EUROPE - Belgium will focus its energies on implementing the European Systemic Risk Board (ESRB) and streamlining over-the-counter (OTC) derivatives regulation in the final months of its EU Council presidency.
Gertrude Tumpel-Gugerell, a member of the European Central Bank's executive board, said the successful launch of the EU's new watchdog and the enhancement of the crisis management and resolution framework were of "utmost priority".
"We need to ensure the availability of critical data and information, which will be a crucial basis for any future detection and analysis of systemic risk," she said.
"In this regard, it will also be essential to further develop modern tools for the measurement and the early warning of systemic risk."

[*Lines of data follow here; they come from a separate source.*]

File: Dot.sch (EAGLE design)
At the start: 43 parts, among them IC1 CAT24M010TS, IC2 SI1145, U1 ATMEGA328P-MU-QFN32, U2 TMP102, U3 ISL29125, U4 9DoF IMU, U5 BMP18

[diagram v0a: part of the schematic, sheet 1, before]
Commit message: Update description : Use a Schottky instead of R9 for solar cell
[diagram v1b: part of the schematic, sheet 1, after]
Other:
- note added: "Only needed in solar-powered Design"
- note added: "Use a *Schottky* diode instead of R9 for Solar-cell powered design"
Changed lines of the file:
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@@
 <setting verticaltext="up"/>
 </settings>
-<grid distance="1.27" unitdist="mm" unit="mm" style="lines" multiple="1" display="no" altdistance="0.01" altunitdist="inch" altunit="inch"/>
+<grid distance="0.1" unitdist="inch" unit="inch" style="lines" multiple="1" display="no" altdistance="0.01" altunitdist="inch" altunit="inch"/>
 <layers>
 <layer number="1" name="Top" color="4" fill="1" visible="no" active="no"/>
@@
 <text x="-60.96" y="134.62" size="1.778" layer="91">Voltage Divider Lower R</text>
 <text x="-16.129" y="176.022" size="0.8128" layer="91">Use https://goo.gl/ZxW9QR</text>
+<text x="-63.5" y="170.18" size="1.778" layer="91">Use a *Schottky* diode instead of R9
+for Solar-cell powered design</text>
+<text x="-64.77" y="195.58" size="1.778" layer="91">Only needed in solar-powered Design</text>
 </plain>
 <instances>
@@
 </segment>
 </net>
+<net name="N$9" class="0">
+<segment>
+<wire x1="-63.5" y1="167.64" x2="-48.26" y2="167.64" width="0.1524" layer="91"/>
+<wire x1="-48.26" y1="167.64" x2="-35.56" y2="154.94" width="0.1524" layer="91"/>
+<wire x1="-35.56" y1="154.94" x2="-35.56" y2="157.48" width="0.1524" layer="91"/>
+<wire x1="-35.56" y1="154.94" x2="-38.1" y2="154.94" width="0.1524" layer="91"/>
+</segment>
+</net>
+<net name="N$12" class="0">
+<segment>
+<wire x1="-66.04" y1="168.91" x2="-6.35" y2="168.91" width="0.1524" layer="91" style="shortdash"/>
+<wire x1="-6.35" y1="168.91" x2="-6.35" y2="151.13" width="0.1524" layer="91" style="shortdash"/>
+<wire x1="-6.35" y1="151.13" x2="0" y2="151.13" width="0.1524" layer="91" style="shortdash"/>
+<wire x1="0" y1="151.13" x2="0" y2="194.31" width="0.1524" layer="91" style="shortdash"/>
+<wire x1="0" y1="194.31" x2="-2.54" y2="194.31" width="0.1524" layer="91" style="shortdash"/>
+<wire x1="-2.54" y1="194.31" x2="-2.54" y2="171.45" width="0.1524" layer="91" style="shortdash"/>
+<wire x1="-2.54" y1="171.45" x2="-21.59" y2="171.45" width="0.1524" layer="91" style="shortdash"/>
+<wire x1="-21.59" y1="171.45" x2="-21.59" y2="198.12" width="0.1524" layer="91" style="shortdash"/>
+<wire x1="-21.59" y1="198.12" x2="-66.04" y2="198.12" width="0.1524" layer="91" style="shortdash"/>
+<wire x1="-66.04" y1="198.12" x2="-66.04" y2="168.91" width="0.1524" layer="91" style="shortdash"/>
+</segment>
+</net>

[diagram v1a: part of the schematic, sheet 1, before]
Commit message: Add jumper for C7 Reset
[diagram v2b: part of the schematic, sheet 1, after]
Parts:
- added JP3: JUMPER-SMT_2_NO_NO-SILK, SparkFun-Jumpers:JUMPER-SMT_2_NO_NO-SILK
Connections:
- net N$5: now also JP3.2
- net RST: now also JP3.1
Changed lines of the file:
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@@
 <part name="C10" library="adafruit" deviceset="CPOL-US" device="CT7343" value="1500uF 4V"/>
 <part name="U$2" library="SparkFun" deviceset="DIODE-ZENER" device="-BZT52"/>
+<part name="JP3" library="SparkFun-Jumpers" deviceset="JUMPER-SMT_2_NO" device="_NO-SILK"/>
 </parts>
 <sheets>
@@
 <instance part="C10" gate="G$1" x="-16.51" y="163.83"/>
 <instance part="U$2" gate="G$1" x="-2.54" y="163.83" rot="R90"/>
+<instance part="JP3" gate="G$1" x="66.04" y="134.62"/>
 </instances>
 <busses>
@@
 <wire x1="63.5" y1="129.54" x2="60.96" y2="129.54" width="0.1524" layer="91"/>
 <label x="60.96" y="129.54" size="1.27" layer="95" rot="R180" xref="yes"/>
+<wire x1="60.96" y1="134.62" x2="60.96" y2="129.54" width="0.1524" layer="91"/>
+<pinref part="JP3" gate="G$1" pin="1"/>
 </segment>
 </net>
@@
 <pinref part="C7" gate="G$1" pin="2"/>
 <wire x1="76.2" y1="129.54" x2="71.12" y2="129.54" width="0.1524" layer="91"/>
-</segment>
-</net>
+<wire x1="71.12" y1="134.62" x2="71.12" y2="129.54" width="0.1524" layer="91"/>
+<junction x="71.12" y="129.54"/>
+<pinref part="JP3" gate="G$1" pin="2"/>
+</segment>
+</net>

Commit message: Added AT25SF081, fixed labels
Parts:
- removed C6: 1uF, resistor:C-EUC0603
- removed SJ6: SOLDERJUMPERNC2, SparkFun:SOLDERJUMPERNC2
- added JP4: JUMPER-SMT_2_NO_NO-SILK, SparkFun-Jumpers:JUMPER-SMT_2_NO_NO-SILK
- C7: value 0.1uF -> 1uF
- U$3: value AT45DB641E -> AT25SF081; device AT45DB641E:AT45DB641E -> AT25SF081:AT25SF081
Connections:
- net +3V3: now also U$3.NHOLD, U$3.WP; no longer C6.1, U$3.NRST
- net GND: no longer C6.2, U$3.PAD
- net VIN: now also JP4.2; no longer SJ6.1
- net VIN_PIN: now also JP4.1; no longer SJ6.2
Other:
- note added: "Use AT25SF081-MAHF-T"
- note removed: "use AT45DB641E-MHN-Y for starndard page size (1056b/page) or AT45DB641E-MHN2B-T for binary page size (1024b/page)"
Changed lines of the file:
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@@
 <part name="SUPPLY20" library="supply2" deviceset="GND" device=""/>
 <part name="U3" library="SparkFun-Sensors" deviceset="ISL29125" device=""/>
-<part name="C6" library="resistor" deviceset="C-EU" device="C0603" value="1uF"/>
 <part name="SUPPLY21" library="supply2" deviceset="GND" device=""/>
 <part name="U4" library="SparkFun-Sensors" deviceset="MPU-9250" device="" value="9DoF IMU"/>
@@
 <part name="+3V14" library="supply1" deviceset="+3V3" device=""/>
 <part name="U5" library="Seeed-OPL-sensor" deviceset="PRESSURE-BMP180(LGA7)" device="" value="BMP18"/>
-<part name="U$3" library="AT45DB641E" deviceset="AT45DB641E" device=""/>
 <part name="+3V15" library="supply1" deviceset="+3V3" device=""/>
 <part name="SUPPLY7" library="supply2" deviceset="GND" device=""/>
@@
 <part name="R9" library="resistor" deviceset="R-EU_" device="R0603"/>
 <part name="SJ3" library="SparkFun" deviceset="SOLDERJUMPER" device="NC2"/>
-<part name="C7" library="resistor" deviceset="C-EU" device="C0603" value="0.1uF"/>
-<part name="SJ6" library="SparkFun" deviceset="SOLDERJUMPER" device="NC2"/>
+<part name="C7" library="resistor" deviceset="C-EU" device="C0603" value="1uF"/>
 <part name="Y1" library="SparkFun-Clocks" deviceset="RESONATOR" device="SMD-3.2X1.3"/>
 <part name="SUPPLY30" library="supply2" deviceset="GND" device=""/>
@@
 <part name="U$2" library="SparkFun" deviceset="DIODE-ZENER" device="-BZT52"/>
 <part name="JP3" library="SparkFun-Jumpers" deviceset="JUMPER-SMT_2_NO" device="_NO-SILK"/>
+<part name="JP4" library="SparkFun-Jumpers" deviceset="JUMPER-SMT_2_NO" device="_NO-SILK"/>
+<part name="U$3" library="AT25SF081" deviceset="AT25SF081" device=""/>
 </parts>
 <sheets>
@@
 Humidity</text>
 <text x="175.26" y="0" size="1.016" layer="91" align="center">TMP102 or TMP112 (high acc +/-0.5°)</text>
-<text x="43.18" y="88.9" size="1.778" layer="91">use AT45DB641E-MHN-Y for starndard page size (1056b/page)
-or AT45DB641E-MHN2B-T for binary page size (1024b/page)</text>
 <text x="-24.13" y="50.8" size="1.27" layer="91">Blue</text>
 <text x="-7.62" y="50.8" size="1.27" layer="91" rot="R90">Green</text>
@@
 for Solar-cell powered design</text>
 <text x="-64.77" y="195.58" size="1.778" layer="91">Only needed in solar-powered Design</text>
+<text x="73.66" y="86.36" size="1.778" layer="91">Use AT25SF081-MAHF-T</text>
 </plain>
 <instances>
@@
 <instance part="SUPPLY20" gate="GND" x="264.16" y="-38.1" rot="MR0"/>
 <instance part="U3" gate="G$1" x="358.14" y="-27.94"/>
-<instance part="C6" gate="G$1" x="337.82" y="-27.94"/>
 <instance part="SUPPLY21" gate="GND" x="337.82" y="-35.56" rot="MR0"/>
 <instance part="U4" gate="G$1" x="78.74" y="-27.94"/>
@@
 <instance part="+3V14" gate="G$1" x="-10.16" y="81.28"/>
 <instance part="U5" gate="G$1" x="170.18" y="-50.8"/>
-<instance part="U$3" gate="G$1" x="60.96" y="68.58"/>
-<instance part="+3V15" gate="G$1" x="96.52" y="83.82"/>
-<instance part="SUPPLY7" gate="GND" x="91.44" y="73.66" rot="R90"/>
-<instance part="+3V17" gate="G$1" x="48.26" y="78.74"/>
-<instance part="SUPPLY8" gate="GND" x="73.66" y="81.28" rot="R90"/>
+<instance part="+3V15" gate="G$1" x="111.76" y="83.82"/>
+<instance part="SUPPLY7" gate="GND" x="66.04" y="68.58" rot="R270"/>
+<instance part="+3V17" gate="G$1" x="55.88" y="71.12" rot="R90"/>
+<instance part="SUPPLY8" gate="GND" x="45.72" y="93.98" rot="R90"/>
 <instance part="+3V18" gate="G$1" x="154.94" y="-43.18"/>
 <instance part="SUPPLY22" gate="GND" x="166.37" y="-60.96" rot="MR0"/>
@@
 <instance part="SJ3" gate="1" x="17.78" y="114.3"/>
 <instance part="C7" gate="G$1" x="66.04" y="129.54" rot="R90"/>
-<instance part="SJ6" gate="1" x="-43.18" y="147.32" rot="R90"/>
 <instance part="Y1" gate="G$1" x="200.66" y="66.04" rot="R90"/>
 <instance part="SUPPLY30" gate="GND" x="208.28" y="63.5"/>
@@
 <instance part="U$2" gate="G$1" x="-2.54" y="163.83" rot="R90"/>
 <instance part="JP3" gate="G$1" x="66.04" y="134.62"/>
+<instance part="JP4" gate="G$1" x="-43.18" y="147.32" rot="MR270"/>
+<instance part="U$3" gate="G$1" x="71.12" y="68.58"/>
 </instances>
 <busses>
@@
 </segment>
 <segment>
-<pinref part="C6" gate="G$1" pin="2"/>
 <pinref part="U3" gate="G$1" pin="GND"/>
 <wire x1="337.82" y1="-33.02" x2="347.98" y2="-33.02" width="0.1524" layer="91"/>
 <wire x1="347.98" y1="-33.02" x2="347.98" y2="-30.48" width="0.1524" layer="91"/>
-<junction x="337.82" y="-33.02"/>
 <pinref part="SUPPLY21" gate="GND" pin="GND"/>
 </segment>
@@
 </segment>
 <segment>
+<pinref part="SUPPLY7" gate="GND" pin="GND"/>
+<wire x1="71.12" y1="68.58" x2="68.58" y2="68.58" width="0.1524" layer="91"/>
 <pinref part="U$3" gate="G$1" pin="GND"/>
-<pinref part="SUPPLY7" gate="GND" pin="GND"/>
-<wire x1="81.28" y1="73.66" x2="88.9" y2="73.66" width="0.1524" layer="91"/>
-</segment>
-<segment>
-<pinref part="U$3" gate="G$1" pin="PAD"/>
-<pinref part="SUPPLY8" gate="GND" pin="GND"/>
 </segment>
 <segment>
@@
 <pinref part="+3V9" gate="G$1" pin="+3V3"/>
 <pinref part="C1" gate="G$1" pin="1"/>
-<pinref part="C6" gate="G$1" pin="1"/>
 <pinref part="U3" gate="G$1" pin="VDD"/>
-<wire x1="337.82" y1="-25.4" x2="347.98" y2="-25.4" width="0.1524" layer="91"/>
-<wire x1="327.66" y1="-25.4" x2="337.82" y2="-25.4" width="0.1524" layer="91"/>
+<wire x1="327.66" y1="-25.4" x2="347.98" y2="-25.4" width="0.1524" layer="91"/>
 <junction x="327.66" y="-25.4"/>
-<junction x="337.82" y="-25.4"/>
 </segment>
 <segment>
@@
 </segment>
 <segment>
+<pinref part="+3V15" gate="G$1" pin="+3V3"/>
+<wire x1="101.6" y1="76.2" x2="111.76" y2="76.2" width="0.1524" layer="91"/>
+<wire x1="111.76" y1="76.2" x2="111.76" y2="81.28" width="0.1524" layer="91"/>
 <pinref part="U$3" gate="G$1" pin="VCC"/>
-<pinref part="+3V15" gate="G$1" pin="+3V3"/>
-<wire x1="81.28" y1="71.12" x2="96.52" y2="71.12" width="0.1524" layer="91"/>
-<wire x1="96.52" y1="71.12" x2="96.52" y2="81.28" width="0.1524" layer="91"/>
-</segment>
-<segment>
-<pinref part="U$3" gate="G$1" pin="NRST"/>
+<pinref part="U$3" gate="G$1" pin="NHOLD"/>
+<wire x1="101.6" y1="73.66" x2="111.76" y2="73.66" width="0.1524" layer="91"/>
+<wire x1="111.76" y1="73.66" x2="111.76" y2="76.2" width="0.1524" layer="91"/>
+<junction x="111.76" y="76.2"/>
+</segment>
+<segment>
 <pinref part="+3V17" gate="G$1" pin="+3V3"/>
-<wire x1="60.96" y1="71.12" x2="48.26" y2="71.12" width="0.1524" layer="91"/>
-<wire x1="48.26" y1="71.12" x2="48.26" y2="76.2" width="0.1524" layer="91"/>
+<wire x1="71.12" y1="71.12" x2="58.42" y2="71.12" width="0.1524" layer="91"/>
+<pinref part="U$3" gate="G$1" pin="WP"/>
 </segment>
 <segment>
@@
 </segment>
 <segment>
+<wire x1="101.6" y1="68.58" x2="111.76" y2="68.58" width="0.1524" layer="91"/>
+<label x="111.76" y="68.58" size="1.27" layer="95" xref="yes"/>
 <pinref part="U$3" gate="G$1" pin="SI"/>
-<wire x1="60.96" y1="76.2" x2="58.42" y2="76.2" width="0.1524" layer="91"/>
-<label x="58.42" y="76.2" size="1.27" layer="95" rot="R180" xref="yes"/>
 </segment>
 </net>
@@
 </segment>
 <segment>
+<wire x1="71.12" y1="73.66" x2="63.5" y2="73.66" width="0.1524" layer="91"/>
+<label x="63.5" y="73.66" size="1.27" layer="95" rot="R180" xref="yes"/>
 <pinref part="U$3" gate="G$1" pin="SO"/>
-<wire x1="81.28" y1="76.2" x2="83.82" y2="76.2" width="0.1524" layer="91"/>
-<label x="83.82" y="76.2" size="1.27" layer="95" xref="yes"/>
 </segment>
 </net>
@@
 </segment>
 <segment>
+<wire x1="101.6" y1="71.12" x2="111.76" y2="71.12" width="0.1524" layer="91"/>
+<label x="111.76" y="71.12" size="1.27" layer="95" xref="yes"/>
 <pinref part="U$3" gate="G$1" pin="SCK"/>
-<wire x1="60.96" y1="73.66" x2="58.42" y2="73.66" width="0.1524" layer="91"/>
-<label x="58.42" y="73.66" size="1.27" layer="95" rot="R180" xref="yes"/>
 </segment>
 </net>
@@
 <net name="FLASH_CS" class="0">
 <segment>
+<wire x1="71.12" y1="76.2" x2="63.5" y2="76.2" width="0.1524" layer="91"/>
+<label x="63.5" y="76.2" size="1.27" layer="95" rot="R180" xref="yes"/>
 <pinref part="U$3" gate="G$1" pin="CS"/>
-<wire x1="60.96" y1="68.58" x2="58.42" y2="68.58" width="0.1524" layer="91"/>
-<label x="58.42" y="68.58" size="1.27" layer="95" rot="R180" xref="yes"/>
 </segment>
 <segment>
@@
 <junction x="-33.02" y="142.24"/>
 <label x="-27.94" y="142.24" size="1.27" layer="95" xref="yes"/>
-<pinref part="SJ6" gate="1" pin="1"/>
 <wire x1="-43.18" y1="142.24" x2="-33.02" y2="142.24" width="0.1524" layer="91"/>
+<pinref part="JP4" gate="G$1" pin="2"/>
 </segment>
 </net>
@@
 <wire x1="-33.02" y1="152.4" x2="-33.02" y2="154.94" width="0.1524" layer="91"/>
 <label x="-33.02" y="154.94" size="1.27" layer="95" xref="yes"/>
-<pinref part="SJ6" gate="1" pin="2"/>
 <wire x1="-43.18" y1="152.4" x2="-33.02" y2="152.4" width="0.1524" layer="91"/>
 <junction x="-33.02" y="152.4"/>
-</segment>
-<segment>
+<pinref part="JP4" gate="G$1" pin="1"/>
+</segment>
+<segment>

She said the Commission would release a communication in the coming weeks on crisis management, including proposals for a fundamental reform that would "inevitably imply important changes" in national legal frameworks.
She said she strongly supported the Commission's efforts to build a framework on crisis management that would "strengthen and harmonise the powers of the authorities", including the establishment of cross-border financial stability groups and the possible set-up of resolution funds under a harmonised framework of operation.
The Belgian presidency's second major priority, according to Tumpel-Gugerell, will be to strengthen market infrastructures to "increase transparency and limit contagion".
"One specific priority in this regard for the coming months is the timely adoption and implementation of a new EU regulatory framework for OTC derivatives central counterparties (CCPs) and trade repositories," she said.
Tumpel-Gugerell highlighted three areas where the Commission's recently issued proposal on OTC derivatives could be improved.
"First, while access to central bank liquidity is a particularly robust arrangement for enhancing the liquidity resilience of CCPs, it is crucial to keep in mind the decision to grant such access has to remain entirely subject to central banking discretion, owing to the potential for direct monetary policy implications," she said.
Second, existing responsibilities with regard to CCPs need to be regarded.
"Given that CCPs are subject to various types of regulation, oversight and supervision," Tumpel-Gugerell said, "it would not be appropriate to confer major EU decision-making powers - such as for the specification of prudential requirements and the recognition of third-country CCPs - to a single EU body that does not fully reflect and represent these different functions."
ESMA, she added, should closely cooperate with the ESCB on all "oversight-related matters".
"Third, given the critical importance of a global regulatory level-playing field for both CCPs and trade repositories, EU rules should go much further in requiring ... close convergence with the existing global standards for financial market infrastructures," she said.